I don't think that is how it works. Just because multiple processes map the same code (read-only) doesn't mean that they also have mappings to each others' data. If two processes shared mappings to the same data (e.g. after a fork() with no exec()) then what you say may be true.

Just because I can write a program that uses libc doesn't mean that I can use that as a means to extract ssh keys from an ssh-agent that also is using libc.

Since each process has its own address space, this does not allow process A to read memory from process B's address space. For this to happen, process A (the attacker) would need to interact with process B to cause the speculation to happen within process B. Or, as stated in the spectre paper:

> Drawing from return- oriented programming (ROP) [33], in this method the attacker chooses a gadget from the address space of the victim and influences the victim to execute the gadget speculatively.

Speculation performed within process A (my web browser) doesn't give you access to the data within process B (ssh-agent).

Maybe I misunderstood the intent of your sentence that I initially quoted.

[edit to fix formatting]

Whatever computation resulted from the speculative call is discarded BUT its effect on the cache is NOT. Process A can thus use timing information to determine what's in the cache and thus, exfiltrate data from process B.
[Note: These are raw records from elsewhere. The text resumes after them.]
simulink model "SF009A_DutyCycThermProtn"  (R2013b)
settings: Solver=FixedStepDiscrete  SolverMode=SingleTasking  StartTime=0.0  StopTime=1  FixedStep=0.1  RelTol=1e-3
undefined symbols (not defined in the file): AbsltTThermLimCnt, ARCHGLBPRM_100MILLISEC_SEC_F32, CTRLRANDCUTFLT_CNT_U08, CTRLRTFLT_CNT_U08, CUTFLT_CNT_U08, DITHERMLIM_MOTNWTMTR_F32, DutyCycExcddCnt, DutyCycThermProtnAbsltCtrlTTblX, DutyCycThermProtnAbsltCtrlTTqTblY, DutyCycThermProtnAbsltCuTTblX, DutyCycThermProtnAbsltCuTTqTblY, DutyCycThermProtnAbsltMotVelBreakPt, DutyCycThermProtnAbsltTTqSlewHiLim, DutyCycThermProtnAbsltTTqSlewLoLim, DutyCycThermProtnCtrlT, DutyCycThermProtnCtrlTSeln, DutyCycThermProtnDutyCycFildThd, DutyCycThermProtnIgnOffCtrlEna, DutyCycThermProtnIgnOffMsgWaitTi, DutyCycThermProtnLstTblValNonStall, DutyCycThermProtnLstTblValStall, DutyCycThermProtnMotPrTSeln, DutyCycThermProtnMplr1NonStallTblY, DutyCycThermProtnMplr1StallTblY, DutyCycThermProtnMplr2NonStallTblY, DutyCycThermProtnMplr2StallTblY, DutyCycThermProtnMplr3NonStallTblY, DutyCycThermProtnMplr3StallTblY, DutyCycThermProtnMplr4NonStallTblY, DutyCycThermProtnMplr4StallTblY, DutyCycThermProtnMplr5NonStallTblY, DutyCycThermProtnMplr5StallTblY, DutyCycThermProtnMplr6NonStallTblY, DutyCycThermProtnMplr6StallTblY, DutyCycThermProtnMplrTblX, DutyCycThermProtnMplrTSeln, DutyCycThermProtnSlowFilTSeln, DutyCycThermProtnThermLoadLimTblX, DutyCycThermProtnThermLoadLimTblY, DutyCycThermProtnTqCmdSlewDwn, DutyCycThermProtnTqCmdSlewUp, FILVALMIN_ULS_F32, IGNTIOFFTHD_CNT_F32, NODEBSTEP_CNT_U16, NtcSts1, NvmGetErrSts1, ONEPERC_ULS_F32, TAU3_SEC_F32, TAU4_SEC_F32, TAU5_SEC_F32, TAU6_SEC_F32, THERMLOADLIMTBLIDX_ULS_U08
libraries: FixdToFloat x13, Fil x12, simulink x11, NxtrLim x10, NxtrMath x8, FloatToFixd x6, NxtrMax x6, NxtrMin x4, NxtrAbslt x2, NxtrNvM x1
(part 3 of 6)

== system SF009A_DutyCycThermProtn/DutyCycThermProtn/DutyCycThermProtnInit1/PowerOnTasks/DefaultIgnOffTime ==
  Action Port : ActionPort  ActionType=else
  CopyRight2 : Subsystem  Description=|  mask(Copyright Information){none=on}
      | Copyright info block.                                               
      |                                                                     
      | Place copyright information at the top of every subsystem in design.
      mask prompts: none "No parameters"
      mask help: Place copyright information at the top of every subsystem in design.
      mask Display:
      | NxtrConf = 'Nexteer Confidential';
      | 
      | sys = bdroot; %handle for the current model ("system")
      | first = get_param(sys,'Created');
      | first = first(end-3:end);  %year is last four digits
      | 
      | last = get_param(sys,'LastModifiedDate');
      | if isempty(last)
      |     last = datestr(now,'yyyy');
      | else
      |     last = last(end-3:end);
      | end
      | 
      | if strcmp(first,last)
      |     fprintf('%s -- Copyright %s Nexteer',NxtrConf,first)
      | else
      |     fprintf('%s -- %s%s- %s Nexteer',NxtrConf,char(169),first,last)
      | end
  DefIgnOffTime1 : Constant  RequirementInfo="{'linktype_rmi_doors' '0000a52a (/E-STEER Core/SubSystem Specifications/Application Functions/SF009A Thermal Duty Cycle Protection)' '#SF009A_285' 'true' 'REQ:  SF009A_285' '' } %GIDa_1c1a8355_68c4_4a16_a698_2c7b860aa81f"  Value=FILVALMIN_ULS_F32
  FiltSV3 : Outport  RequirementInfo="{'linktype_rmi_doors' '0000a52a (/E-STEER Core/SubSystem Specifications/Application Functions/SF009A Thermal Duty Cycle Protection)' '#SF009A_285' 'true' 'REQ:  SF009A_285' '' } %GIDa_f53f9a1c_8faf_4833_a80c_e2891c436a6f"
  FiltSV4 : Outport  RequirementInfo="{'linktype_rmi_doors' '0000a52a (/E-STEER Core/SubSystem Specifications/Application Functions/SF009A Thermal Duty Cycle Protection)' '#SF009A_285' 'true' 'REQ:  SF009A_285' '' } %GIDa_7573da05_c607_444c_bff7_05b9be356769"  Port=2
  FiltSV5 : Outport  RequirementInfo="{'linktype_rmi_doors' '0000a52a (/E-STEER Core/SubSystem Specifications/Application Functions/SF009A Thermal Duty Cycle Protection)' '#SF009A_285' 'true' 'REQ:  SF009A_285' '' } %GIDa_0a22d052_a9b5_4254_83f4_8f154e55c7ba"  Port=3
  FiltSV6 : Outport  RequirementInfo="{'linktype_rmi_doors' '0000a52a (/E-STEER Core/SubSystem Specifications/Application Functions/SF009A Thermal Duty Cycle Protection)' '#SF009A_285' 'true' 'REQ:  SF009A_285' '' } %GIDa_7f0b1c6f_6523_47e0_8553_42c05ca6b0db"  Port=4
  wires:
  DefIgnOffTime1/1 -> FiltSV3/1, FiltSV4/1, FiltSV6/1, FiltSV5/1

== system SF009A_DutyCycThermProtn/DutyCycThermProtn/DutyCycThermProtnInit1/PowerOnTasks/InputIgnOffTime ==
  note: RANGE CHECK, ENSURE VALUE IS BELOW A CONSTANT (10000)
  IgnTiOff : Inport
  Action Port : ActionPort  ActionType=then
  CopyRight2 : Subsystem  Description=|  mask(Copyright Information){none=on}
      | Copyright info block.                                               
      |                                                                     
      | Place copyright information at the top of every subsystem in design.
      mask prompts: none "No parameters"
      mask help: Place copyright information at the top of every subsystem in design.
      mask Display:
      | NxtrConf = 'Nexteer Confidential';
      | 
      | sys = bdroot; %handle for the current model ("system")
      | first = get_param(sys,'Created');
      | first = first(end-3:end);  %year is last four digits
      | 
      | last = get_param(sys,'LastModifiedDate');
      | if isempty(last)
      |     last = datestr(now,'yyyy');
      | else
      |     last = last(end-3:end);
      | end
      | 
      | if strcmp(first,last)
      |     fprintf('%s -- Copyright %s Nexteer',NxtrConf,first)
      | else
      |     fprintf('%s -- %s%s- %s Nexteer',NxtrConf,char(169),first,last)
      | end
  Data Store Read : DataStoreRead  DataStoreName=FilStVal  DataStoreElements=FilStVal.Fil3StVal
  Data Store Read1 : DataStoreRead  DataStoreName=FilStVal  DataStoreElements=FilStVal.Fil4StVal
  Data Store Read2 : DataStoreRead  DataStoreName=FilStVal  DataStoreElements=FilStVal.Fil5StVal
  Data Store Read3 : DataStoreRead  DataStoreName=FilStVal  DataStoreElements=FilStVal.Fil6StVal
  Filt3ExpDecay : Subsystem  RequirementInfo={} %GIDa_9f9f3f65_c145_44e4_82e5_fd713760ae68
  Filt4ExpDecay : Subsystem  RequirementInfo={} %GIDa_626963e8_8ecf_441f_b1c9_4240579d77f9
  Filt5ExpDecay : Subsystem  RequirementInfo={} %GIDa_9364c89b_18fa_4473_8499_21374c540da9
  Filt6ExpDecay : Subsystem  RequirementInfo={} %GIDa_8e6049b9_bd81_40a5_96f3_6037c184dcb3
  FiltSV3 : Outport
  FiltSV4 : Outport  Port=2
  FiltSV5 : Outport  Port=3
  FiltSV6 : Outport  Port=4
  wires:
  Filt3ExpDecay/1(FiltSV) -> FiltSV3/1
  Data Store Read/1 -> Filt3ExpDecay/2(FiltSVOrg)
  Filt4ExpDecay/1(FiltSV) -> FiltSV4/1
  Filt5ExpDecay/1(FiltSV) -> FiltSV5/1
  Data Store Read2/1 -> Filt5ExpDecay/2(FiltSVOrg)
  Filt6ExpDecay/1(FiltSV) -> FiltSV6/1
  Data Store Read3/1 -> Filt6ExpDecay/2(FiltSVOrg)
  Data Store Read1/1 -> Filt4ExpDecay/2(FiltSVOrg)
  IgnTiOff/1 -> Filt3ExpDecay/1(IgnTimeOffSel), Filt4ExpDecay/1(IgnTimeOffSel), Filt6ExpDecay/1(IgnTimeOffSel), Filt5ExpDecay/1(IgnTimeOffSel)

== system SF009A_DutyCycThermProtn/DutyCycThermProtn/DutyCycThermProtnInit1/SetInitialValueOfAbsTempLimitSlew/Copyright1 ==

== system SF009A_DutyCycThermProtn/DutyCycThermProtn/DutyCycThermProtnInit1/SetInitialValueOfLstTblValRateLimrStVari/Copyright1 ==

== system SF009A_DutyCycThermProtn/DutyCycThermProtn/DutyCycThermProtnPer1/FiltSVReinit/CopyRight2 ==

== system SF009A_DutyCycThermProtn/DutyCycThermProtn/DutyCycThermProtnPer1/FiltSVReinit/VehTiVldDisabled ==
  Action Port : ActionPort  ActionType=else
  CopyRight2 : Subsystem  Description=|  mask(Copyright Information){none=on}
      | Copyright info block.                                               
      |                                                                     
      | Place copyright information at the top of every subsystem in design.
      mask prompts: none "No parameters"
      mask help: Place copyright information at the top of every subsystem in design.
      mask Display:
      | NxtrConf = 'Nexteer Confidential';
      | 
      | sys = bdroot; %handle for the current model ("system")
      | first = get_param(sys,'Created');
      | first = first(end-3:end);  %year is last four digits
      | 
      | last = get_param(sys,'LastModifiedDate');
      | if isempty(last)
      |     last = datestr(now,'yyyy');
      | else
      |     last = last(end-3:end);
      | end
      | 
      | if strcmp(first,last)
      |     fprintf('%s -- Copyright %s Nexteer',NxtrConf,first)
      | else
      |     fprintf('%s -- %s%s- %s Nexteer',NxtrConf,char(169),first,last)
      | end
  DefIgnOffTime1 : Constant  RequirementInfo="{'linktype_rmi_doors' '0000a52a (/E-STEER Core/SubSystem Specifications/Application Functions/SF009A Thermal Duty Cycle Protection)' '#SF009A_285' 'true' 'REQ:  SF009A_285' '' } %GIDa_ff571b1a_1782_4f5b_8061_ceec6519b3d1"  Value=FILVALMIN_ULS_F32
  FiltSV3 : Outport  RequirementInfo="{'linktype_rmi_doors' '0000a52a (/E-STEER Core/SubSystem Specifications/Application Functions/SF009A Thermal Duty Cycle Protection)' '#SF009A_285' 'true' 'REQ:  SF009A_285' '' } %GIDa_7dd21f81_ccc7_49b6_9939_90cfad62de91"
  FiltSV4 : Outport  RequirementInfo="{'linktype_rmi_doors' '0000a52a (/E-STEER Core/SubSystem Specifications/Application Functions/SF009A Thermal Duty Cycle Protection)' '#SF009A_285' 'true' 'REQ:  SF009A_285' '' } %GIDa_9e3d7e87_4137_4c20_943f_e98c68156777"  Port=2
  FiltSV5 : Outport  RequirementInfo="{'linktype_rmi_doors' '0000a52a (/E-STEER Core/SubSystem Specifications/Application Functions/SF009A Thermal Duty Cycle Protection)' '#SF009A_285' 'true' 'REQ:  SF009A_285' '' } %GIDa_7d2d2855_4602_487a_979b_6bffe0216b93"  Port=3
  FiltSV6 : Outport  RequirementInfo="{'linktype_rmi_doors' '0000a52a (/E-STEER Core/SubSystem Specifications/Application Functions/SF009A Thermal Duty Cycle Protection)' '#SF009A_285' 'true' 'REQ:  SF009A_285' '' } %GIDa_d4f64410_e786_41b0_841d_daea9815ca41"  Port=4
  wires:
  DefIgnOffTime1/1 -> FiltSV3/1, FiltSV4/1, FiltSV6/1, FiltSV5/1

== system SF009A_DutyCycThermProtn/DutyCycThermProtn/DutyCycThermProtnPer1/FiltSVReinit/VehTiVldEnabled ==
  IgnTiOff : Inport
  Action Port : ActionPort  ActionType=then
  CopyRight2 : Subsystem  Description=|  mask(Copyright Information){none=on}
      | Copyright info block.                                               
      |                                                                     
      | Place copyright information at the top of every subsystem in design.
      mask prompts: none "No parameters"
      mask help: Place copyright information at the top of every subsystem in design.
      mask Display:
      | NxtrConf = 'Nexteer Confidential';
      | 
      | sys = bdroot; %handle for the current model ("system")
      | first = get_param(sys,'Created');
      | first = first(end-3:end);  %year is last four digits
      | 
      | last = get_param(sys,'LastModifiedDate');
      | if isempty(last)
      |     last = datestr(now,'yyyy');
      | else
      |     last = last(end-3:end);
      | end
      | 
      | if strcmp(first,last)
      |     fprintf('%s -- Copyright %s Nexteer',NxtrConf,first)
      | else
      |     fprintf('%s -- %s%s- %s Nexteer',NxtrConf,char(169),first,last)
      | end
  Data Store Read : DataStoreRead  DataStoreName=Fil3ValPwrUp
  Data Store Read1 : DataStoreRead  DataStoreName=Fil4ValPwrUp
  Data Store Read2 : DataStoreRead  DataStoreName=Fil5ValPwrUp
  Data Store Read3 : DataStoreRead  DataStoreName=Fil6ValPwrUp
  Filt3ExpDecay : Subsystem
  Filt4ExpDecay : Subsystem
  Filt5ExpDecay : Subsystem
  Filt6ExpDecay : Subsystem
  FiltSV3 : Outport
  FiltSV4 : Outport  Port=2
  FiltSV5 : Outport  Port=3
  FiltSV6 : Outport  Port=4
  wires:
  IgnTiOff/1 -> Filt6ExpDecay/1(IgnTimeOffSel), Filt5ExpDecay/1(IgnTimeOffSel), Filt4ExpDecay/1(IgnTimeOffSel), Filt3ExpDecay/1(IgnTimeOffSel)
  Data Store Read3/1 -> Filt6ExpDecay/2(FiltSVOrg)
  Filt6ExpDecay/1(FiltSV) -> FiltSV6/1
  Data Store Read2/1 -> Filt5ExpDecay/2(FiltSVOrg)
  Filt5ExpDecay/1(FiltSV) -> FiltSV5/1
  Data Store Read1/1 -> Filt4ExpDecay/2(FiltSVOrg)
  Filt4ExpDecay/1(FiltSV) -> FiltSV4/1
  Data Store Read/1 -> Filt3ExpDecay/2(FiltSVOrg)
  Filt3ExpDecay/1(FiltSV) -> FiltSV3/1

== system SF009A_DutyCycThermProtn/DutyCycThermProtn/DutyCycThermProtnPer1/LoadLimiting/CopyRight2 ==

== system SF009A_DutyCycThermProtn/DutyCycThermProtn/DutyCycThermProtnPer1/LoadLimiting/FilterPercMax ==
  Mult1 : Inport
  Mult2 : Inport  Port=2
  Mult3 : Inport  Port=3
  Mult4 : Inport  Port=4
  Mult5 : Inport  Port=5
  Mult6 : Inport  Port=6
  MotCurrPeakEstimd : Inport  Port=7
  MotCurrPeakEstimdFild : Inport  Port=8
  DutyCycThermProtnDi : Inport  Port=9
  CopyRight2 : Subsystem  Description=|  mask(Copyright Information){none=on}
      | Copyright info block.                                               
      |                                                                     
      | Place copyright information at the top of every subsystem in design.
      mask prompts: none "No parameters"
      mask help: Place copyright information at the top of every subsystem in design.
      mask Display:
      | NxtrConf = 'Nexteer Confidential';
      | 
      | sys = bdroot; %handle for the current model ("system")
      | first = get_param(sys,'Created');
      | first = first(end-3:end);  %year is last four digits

So no, you can't read memory across process boundaries directly. The CPU's virtual memory mechanism provides at least that much. The significance of Meltdown and Spectre is, that isn't enough. Using speculative execution, cache trickery, and timing-based attacks, information CAN be exfiltrated from a process even with virtual memory protection in place.

If this gets you paranoid about your ssh-agent leaking data, good. One (relatively) easy way to mitigate this is to use the retpoline compilation technique, which replaces function calls with a RET to the function location. Because the target of a RET, being on the stack, is unknown up until the moment it happens, current CPUs do not speculate across a RET. (Though were it not for Meltdown and Spectre, maybe future CPUs might have made some guesses?) So Process B could not be induced to speculatively call the gadget if it were compiled with retpoline.

VMs are, however, suscpetible to some forms of Spectre attack, allowing code within a VM to exfiltrate memory contents from other VMs, or from the host machine.